En medio de otros libros expuestos en distintas librerías, Mona, de la escritora argentina Pola Oloixarac, llama la atención por su portada y tamaño. Neón Ediciones reeditó esta novela en Chile en julio de 2021, apostando por un dibujo llamativo y un formato pequeño, amigable y bien cuidado. Publicada originalmente en 2019 por Random House, Mona comienza bastante bien. Con un ritmo narrativo ágil, configura desde sus primeras páginas lo que será el eje fundamental de su trama: la participación de la escritora peruana Mona en un evento organizado en Suecia denominado la “Meeting”, que congrega a los y las escritoras nominados al Premio Basske-Wortz, “el galardón literario más importante de Europa, y uno de los más prestigiosos del mundo” (13). La voz narrativa focalizada en Mona, la protagonista, la sigue desde que toma el avión en Estados Unidos para participar como autora invitada al encuentro.

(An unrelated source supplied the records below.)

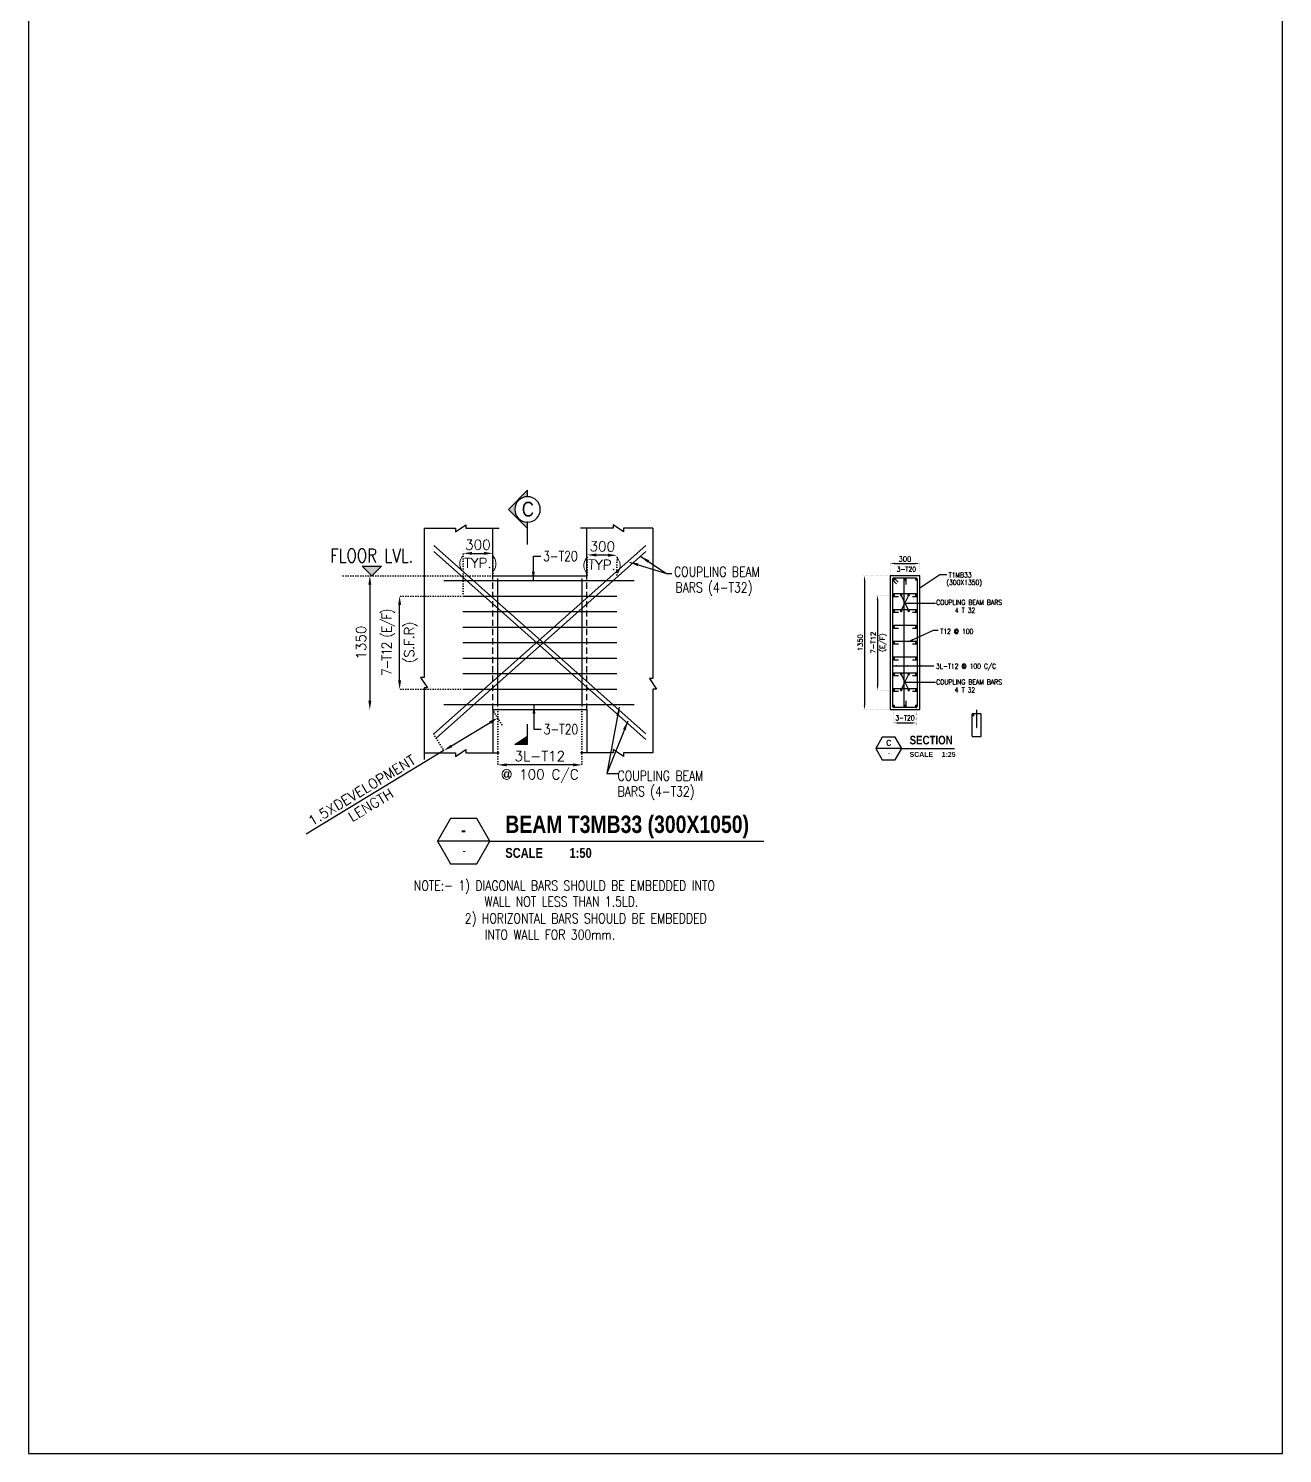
# Model space of a CAD drawing. Header units: millimetres. Extents: x 3265265 to 3333875, y 917954 to 997286.
# Drawn here: x 3321236 to 3333875, y 917954 to 932317 of the extents above; entities that cross this region are included whole.
import ezdxf
from ezdxf.enums import TextEntityAlignment as Align

# ---------------------------------------------------------------- set-up
doc = ezdxf.new("R2010")
doc.units = ezdxf.units.MM
doc.header["$LTSCALE"] = 100
doc.header["$MEASUREMENT"] = 0
doc.linetypes.add('DOT', pattern=[0.25, 0, -0.25])
doc.linetypes.add('HIDDEN', pattern=[0.375, 0.25, -0.125])
for name, color, linetype in [('A-REFR-TITL-100', 2, 'Continuous'), ('bar text', 3, 'Continuous'), ('Concrete Line', 2, 'Continuous'), ('COVER', 2, 'Continuous'), ('CUT', 9, 'Continuous'), ('DIM', 11, 'Continuous'), ('DOTED LINE', 7, 'DOT'), ('REINF', 4, 'Continuous'), ('Reinforcement', 4, 'Continuous'), ('RET. WALL', 6, 'Continuous'), ('S-Refr-Sect', 2, 'Continuous'), ('SYMBOL', 1, 'Continuous'), ('TEXT', 3, 'Continuous')]:
    doc.layers.add(name, color=color, linetype=linetype)
doc.styles.add('ARIAL', font='arial.ttf', dxfattribs={"width": 0.8})
doc.styles.add('ARIAL-TITLE', font='arialbd.ttf')
doc.styles.add('romance', font='romans.shx')
doc.styles.add('romand', font='simplex.shx', dxfattribs={"width": 0.8})
doc.styles.add('ROMANS', font='romans.shx', dxfattribs={"width": 0.8})
doc.dimstyles.new('25T', dxfattribs={"dimscale": 0.25, "dimtxt": 200, "dimasz": 180, "dimexe": 50, "dimexo": 50, "dimgap": 75, "dimtad": 1, "dimdec": 0, "dimzin": 0, "dimdsep": 46, "dimtxsty": 'romance', "dimcen": 0.09, "dimdle": 150, "dimclrd": 11, "dimclre": 11, "dimclrt": 2, "dimadec": 0, "dimazin": 0, "dimtfac": 1, "dimtdec": 0, "dimtofl": 0, "dimtmove": 0, "dimatfit": 3, "dimfxl": 1, "dimtolj": 1, "dimtzin": 0, "dimarcsym": 0})
doc.dimstyles.new('50T', dxfattribs={"dimscale": 0.5, "dimtxt": 200, "dimasz": 180, "dimexe": 50, "dimexo": 50, "dimgap": 75, "dimtad": 1, "dimdec": 0, "dimzin": 0, "dimdsep": 46, "dimtxsty": 'romance', "dimcen": 0.09, "dimdle": 150, "dimclrd": 11, "dimclre": 11, "dimclrt": 2, "dimadec": 0, "dimazin": 0, "dimtfac": 1, "dimtdec": 0, "dimtmove": 0, "dimatfit": 3, "dimfxl": 1, "dimtolj": 1, "dimtzin": 0, "dimarcsym": 0})

# ---------------------------------------------------------------- blocks, each defined once
blk = doc.blocks.new('S-Ref 2')
at = {"layer": 'A-REFR-TITL-100', "linetype": 'Continuous'}
blk.add_line((0, 0), (-10.5, 0), dxfattribs=at)
blk.add_lwpolyline([(0, 0), (-2.62, 4.55), (-7.87, 4.55), (-10.5, 0), (-7.87, -4.55), (-2.62, -4.55)], close=True, dxfattribs=at)
at = {"layer": 'A-REFR-TITL-100', "color": 4, "style": 'ARIAL-TITLE'}
for tag, p, height in [('TITLE1', (3.15, 6.56), 3.5), ('TITLE2', (3.15, 1.66), 3.5), ('SCALE1', (3.15, -3.36), 2.1), ('SCALE2', (17.35, -3.36), 2.1)]:
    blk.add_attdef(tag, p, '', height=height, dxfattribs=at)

En las primeras páginas leemos que la joven es una escritora “latina” que, gracias al éxito obtenido por su novela debut, consigue un puesto como investigadora en la Universidad de Stanford. Mona tiene muy claro que en el sistema universitario estadounidense tiene un lugar preasignado en función de su origen y las expectativas generadas con su primer libro. La inserción de la protagonista en Estados Unidos le permite a la novela iluminar la dimensión cómica —o derechamente ridícula— de las pretensiones de categorización identitaria de su sistema académico: “Las universidades compartían valores esenciales con los zoológicos clásicos, donde la diversidad marcaba su atracción y prestigio; en su rol de latina sobreeducada en plena administración Trump, Mona experimentaba su sereno cautiverio como una forma de libertad. A todos los doctorandos se les preguntaba, al ingresar, por su ethnicity: Mona había cliqueado, debajo de Hispánica, Indígena y debajo había tipeado Inca… todo el asunto le parecía una burocracia más o menos pintoresca, y la elección de subtipos raciales debajo de Hispánica era obligatoria” (19).

La novela, cuyo mundo configura un microcosmos poblado por escritores, intelectuales y agentes del sistema literario, es generosa en observaciones de este tipo, sobre todo cuando traslada su foco al resort sueco en el que están reunidos los y las nominadas al Premio Basske-Wortz. Ahí la vanidad, inseguridad, extravagancia, inadecuación y narcisismo de los distintos escritores es iluminada a veces de modo original, pero en otras ocasiones se hace abusando de los clichés.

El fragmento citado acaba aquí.